Objectives: Down syndrome (DS)-associated transient abnormal myelopoiesis (TAM) or acute megakaryoblastic leukemia (AMKL) in monozygotic twins is exceedingly rare and has not been well characterized.

Methods: We describe a unique case of monozygotic twins with simultaneous TAM from a triplet pregnancy at 34 weeks' gestation. Previously reported cases of TAM and DS-AMKL in monozygotic twins have been reviewed to compare with our cases. The current concept of a sequential multistep process in leukemogenesis and disease evolution of TAM into DS-AMKL through the collaboration among trisomy 21, GATA1, and other gene mutations is also reviewed.

Results: Distinct GATA1 mutations are identified in our neonate twins with TAM from a triplet pregnancy, whereas precisely identical GATA1 mutations have been detected in all three monozygotic DS twins reported in the literature.

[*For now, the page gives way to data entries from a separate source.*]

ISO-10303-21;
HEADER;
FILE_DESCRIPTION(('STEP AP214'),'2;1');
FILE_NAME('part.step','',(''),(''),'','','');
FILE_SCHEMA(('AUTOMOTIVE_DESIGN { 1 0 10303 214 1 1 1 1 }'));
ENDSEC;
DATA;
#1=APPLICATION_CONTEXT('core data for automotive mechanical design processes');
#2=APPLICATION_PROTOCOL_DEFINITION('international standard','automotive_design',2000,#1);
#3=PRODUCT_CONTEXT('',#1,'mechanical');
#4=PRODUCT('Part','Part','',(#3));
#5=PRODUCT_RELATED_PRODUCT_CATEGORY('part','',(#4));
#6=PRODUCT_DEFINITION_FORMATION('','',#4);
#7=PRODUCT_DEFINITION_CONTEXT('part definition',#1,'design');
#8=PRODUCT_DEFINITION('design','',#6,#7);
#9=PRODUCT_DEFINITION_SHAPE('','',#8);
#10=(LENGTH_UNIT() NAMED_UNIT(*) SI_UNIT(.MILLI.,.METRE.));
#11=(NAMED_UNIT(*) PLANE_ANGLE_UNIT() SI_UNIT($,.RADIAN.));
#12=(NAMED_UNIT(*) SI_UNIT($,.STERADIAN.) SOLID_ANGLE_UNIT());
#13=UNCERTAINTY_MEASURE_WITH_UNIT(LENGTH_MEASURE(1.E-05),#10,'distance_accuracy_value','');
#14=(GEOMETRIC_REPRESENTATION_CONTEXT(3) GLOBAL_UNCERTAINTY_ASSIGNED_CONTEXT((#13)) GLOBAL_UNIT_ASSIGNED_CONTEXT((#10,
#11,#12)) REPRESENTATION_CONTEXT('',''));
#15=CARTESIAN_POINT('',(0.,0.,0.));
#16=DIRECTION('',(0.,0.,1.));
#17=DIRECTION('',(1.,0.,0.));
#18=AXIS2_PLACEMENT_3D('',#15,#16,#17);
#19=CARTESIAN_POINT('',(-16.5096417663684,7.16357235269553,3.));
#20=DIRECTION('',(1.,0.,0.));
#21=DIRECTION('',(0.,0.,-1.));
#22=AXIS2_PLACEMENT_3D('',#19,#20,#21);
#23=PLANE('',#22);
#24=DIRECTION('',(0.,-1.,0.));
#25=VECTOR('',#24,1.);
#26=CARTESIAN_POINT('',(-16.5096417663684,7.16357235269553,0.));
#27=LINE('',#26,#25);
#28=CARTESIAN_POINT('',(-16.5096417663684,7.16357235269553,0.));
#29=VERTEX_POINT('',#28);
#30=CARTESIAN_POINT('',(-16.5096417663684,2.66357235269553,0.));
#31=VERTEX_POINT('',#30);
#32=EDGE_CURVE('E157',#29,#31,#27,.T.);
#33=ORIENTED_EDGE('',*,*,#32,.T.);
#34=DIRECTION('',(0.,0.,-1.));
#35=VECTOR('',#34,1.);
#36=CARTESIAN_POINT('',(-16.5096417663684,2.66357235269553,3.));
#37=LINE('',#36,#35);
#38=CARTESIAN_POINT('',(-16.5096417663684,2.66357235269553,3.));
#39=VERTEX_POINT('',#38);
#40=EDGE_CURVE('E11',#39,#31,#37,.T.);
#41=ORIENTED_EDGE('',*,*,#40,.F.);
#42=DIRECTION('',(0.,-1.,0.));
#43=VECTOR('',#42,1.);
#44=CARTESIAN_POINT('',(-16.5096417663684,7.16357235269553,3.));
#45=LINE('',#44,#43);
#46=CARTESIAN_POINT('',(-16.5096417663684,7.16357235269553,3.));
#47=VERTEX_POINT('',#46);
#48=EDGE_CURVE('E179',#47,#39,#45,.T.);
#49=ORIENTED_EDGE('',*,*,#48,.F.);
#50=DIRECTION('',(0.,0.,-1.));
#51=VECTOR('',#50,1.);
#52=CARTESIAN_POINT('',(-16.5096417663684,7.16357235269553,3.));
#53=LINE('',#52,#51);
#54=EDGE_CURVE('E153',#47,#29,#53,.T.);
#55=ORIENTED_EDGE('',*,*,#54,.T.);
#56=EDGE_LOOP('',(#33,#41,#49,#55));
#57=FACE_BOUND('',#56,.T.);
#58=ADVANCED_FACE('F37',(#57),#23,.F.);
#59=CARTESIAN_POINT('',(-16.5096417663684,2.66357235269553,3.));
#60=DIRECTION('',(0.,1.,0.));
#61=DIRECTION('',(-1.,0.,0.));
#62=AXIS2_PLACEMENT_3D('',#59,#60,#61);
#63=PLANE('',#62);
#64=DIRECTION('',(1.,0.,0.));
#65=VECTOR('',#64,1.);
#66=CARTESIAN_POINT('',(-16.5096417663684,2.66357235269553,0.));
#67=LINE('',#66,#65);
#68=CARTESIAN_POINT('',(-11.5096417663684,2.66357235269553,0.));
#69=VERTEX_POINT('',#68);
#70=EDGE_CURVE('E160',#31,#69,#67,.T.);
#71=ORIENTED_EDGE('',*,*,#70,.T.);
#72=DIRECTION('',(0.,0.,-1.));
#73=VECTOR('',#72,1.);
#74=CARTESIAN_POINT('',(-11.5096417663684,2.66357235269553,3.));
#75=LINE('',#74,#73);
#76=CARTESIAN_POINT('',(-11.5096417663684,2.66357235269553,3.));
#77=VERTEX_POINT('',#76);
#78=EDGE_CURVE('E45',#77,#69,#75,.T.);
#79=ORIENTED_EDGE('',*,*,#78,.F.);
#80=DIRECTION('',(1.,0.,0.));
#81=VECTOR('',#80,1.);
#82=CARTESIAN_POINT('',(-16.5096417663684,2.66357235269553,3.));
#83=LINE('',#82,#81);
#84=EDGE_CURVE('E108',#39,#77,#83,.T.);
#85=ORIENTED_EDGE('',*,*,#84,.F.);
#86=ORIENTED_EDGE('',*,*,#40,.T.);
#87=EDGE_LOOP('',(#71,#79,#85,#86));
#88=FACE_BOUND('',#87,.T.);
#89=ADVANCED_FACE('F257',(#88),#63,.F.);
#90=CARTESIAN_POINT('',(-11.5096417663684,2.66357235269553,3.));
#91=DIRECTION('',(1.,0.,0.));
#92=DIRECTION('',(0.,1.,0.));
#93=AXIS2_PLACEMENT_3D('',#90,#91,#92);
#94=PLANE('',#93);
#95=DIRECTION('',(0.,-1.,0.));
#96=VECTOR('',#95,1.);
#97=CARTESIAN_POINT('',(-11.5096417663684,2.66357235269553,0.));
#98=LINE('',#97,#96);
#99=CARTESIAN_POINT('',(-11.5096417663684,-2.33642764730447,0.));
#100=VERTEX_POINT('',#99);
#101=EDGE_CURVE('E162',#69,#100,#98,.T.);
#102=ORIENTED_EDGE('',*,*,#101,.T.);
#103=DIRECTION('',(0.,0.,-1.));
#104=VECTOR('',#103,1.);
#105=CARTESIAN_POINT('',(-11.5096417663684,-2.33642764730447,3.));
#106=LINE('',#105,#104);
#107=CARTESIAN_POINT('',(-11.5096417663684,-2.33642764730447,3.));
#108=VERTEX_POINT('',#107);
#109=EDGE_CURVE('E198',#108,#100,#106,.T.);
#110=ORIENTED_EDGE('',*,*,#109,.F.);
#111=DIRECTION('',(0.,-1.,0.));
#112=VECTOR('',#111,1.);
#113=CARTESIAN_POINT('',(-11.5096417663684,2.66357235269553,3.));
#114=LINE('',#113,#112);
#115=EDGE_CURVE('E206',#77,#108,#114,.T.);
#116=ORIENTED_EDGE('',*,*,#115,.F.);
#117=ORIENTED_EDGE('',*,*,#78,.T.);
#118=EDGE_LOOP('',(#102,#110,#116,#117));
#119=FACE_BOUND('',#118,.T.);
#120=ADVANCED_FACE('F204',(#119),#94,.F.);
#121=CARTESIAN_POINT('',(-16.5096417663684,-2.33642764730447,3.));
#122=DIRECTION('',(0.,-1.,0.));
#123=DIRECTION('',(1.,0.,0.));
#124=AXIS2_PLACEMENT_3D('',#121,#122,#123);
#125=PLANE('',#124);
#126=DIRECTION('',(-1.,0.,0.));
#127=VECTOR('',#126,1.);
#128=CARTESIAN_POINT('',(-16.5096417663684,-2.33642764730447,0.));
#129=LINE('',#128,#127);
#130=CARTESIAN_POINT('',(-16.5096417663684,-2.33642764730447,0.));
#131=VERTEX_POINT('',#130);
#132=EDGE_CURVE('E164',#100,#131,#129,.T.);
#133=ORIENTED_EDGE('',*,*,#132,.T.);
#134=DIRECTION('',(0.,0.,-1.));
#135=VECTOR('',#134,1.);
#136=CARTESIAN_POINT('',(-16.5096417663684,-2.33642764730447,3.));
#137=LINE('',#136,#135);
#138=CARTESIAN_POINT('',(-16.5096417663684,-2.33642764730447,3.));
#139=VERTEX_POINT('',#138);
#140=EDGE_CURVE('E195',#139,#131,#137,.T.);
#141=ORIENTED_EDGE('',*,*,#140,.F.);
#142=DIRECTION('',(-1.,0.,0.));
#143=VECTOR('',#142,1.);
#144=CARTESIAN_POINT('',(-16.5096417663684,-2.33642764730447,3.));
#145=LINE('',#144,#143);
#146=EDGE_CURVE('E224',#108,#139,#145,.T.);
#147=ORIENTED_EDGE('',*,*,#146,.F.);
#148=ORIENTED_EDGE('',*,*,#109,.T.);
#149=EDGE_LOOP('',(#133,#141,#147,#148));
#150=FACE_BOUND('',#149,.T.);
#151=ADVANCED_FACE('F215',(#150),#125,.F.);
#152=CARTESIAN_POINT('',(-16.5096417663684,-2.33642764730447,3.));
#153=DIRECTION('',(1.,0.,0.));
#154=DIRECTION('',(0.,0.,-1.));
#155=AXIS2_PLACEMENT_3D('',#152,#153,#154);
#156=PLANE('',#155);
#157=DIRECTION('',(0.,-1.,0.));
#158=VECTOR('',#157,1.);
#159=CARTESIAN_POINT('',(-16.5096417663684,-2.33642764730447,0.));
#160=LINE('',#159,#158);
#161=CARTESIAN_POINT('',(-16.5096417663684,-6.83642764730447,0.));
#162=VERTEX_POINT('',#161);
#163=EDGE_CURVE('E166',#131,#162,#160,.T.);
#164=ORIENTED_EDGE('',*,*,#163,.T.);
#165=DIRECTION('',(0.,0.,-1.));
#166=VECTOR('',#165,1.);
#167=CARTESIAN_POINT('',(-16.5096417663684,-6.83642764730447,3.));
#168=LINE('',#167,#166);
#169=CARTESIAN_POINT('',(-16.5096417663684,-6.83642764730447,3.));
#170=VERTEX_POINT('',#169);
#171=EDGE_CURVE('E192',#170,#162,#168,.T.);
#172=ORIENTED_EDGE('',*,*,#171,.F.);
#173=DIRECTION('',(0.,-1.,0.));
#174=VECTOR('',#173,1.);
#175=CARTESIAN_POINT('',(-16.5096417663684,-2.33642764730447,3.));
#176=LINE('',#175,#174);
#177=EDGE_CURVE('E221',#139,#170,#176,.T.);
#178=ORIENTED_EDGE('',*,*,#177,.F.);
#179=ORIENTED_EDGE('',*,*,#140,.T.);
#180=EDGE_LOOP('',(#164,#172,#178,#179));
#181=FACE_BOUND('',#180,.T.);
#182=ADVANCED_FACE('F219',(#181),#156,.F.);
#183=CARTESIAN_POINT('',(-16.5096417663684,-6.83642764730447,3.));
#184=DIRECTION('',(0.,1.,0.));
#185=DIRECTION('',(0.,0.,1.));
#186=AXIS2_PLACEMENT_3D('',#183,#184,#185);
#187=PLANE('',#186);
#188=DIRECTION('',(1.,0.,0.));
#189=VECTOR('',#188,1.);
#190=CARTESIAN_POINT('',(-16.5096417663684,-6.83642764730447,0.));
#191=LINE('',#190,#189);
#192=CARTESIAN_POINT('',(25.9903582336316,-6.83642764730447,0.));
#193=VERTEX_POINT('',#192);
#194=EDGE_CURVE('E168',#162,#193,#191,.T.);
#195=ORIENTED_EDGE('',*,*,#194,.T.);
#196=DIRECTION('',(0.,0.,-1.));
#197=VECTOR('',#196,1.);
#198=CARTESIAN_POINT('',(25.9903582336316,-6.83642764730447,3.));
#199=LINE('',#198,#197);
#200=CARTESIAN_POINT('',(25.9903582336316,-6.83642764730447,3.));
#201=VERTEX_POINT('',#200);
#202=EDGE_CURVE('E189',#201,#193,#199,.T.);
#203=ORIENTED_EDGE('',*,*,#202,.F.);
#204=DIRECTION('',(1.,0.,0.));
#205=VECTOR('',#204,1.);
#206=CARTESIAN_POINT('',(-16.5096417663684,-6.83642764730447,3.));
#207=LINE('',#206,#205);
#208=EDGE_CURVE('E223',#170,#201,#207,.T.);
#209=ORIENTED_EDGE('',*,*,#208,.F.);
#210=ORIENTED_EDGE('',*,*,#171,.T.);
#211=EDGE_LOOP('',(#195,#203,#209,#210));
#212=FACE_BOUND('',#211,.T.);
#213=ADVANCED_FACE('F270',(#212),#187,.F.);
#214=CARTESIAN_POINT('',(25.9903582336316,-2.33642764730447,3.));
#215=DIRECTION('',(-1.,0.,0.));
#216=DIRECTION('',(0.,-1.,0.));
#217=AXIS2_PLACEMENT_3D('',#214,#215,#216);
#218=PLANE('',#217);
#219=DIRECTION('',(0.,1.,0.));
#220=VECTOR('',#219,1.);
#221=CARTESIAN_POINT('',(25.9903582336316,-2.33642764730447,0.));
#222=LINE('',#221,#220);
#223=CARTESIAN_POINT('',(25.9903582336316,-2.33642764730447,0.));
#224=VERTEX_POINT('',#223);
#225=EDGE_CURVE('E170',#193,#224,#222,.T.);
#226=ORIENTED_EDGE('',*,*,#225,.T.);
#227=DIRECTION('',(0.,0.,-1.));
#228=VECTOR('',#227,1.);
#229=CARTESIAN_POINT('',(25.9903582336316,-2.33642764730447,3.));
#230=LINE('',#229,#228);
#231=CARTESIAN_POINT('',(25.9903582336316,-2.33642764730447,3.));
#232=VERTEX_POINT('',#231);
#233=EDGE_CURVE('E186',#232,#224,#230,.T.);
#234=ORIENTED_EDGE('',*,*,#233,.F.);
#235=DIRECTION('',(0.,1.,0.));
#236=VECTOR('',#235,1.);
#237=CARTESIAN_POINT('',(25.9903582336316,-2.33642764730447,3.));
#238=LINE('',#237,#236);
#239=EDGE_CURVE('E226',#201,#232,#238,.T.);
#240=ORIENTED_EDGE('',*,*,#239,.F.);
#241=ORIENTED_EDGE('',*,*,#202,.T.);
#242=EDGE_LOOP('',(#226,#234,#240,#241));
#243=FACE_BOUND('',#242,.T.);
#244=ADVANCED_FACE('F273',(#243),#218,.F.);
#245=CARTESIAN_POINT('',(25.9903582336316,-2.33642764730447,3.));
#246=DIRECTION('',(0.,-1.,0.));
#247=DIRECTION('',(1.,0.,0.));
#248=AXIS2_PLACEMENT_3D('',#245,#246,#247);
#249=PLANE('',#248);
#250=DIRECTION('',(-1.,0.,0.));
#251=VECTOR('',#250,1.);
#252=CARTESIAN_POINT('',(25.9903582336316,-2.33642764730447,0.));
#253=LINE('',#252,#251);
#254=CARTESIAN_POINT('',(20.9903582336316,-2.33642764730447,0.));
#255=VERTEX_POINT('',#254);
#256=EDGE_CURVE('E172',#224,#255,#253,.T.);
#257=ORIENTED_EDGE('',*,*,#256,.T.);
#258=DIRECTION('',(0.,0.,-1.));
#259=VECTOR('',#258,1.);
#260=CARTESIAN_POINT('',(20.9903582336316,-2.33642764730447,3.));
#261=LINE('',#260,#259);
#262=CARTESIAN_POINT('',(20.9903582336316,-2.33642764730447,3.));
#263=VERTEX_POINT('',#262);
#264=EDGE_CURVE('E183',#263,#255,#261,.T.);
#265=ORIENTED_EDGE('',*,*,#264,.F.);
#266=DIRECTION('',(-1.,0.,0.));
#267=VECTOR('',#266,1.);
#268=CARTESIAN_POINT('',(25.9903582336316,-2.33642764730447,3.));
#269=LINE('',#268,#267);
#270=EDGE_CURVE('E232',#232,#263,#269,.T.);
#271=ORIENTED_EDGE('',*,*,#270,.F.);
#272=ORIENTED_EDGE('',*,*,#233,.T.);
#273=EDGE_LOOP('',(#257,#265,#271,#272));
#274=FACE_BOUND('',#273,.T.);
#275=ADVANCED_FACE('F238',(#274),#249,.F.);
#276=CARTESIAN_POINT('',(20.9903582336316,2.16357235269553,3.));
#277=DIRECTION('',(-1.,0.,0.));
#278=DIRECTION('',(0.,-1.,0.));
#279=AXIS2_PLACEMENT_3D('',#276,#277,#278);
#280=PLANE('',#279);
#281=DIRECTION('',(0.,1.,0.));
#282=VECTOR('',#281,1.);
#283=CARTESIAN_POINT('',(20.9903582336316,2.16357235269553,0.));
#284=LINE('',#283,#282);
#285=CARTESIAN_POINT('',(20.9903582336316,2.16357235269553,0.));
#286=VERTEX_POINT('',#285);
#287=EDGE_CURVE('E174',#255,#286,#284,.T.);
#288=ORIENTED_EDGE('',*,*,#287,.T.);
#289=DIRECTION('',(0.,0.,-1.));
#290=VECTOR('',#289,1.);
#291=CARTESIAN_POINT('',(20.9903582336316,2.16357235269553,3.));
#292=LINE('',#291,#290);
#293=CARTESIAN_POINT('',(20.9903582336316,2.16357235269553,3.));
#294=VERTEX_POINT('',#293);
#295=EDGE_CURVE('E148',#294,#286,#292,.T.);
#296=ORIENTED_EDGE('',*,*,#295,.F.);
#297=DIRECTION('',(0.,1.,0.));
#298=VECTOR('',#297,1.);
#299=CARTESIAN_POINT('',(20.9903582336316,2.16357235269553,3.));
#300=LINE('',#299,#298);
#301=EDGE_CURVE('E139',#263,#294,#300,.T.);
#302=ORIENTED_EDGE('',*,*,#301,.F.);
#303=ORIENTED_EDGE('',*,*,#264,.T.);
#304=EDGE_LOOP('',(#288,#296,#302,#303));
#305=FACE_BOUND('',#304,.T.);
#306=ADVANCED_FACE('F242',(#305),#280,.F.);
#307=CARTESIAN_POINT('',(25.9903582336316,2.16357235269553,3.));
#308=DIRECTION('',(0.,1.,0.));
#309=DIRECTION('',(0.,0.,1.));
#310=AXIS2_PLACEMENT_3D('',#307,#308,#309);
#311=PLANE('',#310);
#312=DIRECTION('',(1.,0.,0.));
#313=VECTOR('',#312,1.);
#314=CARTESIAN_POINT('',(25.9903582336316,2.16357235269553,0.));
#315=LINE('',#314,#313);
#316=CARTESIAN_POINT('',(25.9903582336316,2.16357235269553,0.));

Conclusions: Identical GATA1 mutations in cases of monozygotic twins are likely derived from twin-twin transmission. Distinct GATA1 mutations identified in our neonate twins with TAM provide unequivocal evidence of independent intra-utero GATA1 mutations, a completely different mechanism of development of TAM in monozygotic twins from previously reported cases. Interaction of trisomy 21 and GATA1 mutation produces TAM, but additional gene mutations are required for TAM to transform into DS-AMKL.

Keywords: Down syndrome; GATA1 mutation; Transient abnormal myelopoiesis; Transient myeloproliferative disorder.